+++ Material to process
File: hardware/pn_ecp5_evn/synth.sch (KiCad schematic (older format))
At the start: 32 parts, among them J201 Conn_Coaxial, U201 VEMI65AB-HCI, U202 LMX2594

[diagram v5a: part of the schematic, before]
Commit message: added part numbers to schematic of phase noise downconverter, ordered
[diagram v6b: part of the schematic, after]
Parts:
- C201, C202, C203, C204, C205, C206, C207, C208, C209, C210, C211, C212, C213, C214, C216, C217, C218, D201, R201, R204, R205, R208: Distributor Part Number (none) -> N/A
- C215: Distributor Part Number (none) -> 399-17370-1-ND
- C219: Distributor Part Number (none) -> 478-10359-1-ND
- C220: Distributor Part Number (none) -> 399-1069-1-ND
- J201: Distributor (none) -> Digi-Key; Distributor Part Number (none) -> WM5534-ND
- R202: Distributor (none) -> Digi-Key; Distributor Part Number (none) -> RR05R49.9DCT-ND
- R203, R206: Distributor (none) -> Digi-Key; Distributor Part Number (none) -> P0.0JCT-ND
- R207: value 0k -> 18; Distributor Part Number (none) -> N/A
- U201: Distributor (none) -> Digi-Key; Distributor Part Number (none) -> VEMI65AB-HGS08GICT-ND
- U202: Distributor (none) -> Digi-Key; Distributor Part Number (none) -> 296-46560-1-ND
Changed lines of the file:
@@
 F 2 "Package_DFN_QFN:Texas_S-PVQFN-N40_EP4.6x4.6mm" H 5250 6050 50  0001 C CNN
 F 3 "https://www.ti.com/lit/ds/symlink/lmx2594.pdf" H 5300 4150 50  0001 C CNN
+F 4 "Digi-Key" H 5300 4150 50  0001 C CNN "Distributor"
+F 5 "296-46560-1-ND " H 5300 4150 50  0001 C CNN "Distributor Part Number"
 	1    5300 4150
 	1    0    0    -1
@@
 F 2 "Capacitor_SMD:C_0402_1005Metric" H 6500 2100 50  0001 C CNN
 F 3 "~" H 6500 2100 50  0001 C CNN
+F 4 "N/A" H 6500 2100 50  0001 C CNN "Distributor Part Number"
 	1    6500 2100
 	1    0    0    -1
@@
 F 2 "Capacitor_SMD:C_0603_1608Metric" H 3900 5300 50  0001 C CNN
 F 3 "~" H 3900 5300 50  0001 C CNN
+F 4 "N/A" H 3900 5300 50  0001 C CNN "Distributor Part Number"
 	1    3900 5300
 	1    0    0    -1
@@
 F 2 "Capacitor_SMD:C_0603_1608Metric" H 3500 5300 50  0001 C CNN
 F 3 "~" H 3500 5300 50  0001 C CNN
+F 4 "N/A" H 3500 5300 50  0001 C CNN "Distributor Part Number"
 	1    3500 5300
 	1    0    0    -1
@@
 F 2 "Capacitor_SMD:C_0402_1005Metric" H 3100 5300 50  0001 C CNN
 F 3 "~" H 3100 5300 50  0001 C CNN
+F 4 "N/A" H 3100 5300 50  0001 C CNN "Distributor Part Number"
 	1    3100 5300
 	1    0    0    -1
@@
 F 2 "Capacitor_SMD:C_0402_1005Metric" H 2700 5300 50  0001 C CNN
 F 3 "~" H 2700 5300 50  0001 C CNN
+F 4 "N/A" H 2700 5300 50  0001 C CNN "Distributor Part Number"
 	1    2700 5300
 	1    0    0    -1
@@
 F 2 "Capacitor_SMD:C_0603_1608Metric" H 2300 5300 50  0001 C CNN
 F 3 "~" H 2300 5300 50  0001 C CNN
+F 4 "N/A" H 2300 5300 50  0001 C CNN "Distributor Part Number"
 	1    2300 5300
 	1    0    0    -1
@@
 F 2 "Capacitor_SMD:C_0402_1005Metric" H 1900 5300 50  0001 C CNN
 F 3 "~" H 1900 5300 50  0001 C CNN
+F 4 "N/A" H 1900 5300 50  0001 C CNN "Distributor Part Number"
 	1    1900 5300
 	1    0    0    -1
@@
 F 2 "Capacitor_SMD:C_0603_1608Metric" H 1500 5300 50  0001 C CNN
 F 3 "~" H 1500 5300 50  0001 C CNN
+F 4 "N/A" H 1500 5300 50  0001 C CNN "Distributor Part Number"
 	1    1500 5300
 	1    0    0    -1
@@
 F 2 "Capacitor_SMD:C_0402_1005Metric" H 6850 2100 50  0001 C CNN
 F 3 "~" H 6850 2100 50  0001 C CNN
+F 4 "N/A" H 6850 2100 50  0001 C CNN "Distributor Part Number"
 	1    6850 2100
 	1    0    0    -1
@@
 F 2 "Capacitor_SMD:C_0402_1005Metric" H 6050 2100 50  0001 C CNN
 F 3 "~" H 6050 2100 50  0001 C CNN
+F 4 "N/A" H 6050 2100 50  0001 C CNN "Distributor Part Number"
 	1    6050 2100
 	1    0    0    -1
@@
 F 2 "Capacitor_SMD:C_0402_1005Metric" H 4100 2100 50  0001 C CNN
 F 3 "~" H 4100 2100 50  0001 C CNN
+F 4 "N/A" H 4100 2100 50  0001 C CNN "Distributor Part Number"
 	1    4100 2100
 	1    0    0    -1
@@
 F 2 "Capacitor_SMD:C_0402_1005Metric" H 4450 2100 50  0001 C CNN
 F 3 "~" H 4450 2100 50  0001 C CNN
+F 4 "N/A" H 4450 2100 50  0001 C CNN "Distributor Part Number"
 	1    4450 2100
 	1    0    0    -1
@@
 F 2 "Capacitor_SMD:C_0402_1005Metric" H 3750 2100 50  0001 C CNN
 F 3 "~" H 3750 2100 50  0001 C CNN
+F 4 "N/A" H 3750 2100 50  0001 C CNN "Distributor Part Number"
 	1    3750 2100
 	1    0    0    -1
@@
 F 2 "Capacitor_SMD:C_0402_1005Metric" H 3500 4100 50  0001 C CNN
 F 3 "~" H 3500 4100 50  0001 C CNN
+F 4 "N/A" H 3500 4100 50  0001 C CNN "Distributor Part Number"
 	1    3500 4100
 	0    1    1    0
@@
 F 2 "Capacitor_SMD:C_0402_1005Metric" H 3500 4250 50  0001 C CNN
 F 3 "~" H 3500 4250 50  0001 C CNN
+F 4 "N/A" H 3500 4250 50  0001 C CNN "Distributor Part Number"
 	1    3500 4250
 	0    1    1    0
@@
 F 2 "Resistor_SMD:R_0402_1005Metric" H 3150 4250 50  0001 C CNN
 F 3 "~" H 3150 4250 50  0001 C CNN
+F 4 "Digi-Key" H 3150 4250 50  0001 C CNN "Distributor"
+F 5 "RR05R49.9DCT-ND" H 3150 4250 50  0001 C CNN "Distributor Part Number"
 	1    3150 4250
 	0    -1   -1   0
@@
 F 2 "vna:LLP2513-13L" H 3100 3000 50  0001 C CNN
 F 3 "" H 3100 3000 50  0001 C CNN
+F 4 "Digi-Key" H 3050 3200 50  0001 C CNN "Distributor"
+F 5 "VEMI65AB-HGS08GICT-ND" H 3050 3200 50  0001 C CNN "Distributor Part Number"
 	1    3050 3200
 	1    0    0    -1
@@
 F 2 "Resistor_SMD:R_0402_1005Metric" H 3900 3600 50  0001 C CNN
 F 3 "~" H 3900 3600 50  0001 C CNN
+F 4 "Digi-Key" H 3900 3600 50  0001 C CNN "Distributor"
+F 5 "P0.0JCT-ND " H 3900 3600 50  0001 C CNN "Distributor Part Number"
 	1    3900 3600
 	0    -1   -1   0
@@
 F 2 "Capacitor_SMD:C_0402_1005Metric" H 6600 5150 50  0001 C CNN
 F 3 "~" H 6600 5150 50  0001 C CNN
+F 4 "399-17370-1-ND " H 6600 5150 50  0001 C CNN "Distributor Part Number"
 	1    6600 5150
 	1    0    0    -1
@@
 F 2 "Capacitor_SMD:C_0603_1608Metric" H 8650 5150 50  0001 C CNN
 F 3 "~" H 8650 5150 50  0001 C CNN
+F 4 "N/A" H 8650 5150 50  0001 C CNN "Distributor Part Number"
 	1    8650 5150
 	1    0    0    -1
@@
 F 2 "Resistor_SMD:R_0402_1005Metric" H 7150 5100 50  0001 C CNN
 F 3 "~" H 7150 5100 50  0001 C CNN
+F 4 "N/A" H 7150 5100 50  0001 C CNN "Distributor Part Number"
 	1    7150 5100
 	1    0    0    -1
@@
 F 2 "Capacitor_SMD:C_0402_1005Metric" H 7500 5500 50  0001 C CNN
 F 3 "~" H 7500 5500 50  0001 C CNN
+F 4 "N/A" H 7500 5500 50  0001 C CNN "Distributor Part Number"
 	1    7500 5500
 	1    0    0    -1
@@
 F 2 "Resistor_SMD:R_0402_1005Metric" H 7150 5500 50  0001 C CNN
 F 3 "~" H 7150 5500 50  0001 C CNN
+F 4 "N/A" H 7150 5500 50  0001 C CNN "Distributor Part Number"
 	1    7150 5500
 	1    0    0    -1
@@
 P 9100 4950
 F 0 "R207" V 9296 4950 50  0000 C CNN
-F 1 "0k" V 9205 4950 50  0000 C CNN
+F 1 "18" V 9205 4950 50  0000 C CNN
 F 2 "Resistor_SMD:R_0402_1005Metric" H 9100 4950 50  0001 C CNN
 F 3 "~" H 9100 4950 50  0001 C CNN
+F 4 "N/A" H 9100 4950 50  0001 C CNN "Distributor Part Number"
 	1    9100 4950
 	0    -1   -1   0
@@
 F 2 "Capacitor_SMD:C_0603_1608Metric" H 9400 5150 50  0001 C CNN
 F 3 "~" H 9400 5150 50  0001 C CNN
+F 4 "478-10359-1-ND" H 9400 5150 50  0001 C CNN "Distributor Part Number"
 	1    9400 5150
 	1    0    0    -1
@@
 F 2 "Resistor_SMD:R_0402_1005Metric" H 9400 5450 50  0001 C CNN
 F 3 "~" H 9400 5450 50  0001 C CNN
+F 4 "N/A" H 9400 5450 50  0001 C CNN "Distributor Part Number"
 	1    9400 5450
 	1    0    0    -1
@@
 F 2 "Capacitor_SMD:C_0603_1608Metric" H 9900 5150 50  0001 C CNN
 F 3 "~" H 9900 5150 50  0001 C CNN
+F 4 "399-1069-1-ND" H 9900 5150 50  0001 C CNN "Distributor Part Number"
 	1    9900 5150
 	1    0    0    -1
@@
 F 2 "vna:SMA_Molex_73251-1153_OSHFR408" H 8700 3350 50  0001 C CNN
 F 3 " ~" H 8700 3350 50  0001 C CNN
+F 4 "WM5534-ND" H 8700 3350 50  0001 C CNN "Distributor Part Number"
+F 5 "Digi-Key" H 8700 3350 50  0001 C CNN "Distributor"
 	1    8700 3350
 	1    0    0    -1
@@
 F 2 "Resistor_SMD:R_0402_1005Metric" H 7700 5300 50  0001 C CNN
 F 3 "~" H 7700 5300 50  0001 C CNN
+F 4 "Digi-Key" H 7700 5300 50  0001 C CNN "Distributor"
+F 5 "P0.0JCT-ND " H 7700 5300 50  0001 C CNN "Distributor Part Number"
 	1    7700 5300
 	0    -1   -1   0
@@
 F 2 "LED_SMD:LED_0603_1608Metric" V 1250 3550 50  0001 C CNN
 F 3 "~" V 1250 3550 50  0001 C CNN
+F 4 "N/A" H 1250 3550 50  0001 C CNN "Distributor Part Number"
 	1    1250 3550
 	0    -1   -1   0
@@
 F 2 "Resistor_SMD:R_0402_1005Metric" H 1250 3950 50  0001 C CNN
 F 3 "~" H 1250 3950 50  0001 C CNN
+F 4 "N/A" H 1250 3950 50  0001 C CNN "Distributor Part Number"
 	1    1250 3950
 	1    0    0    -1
++++++
• Description of the task: Retype exactly the lines of the data above that fall between the line with "[diagram v6b: part of the schematic, after]" and the line with "- R203, R206: Distributor", inclusive, and add nothing.

• Your response:
[diagram v6b: part of the schematic, after]
Parts:
- C201, C202, C203, C204, C205, C206, C207, C208, C209, C210, C211, C212, C213, C214, C216, C217, C218, D201, R201, R204, R205, R208: Distributor Part Number (none) -> N/A
- C215: Distributor Part Number (none) -> 399-17370-1-ND
- C219: Distributor Part Number (none) -> 478-10359-1-ND
- C220: Distributor Part Number (none) -> 399-1069-1-ND
- J201: Distributor (none) -> Digi-Key; Distributor Part Number (none) -> WM5534-ND
- R202: Distributor (none) -> Digi-Key; Distributor Part Number (none) -> RR05R49.9DCT-ND
- R203, R206: Distributor (none) -> Digi-Key; Distributor Part Number (none) -> P0.0JCT-ND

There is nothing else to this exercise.